Start of Records provided

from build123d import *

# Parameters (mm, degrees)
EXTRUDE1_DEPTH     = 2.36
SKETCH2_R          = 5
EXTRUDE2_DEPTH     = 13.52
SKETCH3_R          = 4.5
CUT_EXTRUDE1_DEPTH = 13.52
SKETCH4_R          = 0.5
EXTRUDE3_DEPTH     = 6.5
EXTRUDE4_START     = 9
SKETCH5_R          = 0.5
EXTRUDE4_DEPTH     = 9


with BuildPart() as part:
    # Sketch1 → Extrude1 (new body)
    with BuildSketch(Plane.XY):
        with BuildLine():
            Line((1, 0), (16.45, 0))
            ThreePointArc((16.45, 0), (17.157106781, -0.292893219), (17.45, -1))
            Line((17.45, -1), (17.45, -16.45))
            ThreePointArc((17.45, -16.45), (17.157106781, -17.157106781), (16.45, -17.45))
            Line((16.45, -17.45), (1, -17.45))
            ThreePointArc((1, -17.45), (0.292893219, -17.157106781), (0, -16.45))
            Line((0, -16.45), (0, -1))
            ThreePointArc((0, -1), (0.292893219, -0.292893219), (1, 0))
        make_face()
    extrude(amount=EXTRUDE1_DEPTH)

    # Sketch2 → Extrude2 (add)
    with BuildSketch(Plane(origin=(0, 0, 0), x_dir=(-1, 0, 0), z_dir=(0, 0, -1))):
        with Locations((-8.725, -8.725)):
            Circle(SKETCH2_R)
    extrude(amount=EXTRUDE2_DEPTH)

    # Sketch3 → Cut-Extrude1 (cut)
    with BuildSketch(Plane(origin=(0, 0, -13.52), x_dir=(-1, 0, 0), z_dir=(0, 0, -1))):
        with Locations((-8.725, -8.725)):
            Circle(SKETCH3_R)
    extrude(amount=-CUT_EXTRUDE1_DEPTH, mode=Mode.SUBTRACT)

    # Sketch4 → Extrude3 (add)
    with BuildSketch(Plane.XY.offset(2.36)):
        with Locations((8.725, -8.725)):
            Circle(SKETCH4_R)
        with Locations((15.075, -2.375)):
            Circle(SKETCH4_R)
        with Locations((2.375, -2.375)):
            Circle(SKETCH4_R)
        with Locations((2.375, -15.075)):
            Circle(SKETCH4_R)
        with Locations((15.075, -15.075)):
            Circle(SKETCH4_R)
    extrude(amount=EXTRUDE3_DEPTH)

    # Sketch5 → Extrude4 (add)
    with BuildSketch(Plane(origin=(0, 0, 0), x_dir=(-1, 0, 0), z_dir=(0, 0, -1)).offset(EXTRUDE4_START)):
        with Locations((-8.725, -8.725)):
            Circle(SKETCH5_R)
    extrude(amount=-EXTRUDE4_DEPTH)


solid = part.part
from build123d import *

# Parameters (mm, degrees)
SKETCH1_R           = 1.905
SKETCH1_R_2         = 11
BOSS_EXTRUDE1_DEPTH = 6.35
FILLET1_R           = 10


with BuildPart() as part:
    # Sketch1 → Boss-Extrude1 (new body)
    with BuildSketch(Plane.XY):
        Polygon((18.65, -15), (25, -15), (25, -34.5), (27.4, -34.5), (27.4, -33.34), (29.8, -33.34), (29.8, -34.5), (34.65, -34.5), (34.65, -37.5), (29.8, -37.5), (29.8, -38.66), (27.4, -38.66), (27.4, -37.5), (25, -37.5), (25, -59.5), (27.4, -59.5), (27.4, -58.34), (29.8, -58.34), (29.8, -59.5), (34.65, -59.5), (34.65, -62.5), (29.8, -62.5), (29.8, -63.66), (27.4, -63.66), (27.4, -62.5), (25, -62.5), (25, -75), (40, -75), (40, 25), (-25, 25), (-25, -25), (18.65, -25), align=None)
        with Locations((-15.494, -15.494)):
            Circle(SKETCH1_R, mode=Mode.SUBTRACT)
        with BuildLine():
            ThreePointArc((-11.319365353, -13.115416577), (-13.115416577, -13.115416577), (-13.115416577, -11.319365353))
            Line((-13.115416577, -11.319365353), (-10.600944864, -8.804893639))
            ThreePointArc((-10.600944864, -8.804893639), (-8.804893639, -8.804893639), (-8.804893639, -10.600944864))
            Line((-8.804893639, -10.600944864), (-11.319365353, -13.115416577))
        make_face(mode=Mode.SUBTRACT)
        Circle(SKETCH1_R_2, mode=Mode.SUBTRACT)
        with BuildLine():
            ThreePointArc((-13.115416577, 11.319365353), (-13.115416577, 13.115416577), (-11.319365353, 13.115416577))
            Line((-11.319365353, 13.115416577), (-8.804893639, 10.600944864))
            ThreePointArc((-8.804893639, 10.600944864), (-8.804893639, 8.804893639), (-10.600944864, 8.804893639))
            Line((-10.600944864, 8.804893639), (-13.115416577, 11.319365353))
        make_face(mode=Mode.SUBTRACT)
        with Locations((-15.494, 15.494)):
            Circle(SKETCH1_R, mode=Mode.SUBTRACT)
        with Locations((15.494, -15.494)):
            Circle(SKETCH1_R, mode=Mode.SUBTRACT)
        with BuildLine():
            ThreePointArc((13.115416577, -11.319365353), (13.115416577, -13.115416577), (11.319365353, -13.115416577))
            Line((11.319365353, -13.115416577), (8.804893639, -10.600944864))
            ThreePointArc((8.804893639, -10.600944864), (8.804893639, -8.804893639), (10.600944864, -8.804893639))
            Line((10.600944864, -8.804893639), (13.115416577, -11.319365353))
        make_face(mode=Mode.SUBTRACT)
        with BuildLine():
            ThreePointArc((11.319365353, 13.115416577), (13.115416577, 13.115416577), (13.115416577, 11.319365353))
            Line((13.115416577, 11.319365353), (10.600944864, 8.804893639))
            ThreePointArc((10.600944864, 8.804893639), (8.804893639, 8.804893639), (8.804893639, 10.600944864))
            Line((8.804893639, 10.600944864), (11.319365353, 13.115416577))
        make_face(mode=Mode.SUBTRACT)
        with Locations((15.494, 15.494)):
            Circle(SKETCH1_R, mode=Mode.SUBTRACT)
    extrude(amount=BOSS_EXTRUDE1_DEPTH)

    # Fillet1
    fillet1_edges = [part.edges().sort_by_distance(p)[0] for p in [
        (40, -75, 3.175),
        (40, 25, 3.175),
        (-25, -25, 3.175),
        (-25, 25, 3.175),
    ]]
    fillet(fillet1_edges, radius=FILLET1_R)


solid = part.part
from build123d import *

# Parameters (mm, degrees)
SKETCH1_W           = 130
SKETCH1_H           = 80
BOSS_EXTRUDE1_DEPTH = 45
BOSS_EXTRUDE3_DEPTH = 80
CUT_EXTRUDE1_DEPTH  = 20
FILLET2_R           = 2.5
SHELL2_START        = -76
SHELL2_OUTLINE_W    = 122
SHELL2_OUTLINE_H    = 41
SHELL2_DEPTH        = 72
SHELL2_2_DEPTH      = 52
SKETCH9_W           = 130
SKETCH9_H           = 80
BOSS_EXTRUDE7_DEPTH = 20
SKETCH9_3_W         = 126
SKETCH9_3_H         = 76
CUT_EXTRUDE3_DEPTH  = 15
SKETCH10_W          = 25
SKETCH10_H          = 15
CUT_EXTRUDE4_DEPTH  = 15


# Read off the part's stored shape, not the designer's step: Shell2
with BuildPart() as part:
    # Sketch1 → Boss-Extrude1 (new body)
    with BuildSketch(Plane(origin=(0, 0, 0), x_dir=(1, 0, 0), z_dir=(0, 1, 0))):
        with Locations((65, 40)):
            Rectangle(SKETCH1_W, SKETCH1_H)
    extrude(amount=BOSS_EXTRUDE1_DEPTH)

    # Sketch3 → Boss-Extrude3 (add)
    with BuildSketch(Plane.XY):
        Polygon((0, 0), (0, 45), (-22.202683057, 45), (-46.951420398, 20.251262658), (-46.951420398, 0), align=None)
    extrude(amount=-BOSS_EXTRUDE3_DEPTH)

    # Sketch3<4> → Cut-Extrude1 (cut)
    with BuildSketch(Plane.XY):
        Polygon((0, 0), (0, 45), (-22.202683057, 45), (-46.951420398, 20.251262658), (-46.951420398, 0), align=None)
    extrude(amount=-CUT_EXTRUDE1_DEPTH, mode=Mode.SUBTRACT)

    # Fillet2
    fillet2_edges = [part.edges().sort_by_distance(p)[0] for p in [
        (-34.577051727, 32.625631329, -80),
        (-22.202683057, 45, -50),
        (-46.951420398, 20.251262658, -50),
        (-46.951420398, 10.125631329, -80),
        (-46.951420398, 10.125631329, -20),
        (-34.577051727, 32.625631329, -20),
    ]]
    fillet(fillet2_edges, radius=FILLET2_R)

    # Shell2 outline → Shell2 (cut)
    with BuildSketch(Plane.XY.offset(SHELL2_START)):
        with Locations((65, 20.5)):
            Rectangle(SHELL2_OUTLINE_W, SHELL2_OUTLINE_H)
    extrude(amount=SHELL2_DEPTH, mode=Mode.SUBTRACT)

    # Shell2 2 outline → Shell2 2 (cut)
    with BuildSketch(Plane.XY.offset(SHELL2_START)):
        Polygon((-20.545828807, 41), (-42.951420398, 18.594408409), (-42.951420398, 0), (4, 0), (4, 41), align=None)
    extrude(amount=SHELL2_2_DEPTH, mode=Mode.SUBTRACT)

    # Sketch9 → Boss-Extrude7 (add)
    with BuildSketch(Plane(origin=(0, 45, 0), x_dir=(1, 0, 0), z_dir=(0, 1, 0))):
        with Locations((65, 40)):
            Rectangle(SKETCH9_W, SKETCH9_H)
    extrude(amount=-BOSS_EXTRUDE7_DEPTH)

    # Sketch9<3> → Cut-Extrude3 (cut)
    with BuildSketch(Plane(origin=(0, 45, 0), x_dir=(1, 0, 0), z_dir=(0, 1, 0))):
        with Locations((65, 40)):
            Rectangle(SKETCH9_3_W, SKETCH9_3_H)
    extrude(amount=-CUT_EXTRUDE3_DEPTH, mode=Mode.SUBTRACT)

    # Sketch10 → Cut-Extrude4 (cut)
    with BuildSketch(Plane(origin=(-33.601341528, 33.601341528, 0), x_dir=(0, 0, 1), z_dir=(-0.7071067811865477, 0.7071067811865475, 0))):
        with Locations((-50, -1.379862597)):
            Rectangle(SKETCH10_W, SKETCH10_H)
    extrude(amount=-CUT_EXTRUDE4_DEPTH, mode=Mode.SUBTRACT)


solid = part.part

End of Records provided

■ To do
In the entries above, the lines between the one holding "8.804893639), (-13.115416577, 11.319365353))" and the one holding "-8.804893639), (13.115416577, -11.319365353))", inclusive, are to be printed exactly as written, and those alone.

■ Exercise answer
            Line((-10.600944864, 8.804893639), (-13.115416577, 11.319365353))
        make_face(mode=Mode.SUBTRACT)
        with Locations((-15.494, 15.494)):
            Circle(SKETCH1_R, mode=Mode.SUBTRACT)
        with Locations((15.494, -15.494)):
            Circle(SKETCH1_R, mode=Mode.SUBTRACT)
        with BuildLine():
            ThreePointArc((13.115416577, -11.319365353), (13.115416577, -13.115416577), (11.319365353, -13.115416577))
            Line((11.319365353, -13.115416577), (8.804893639, -10.600944864))
            ThreePointArc((8.804893639, -10.600944864), (8.804893639, -8.804893639), (10.600944864, -8.804893639))
            Line((10.600944864, -8.804893639), (13.115416577, -11.319365353))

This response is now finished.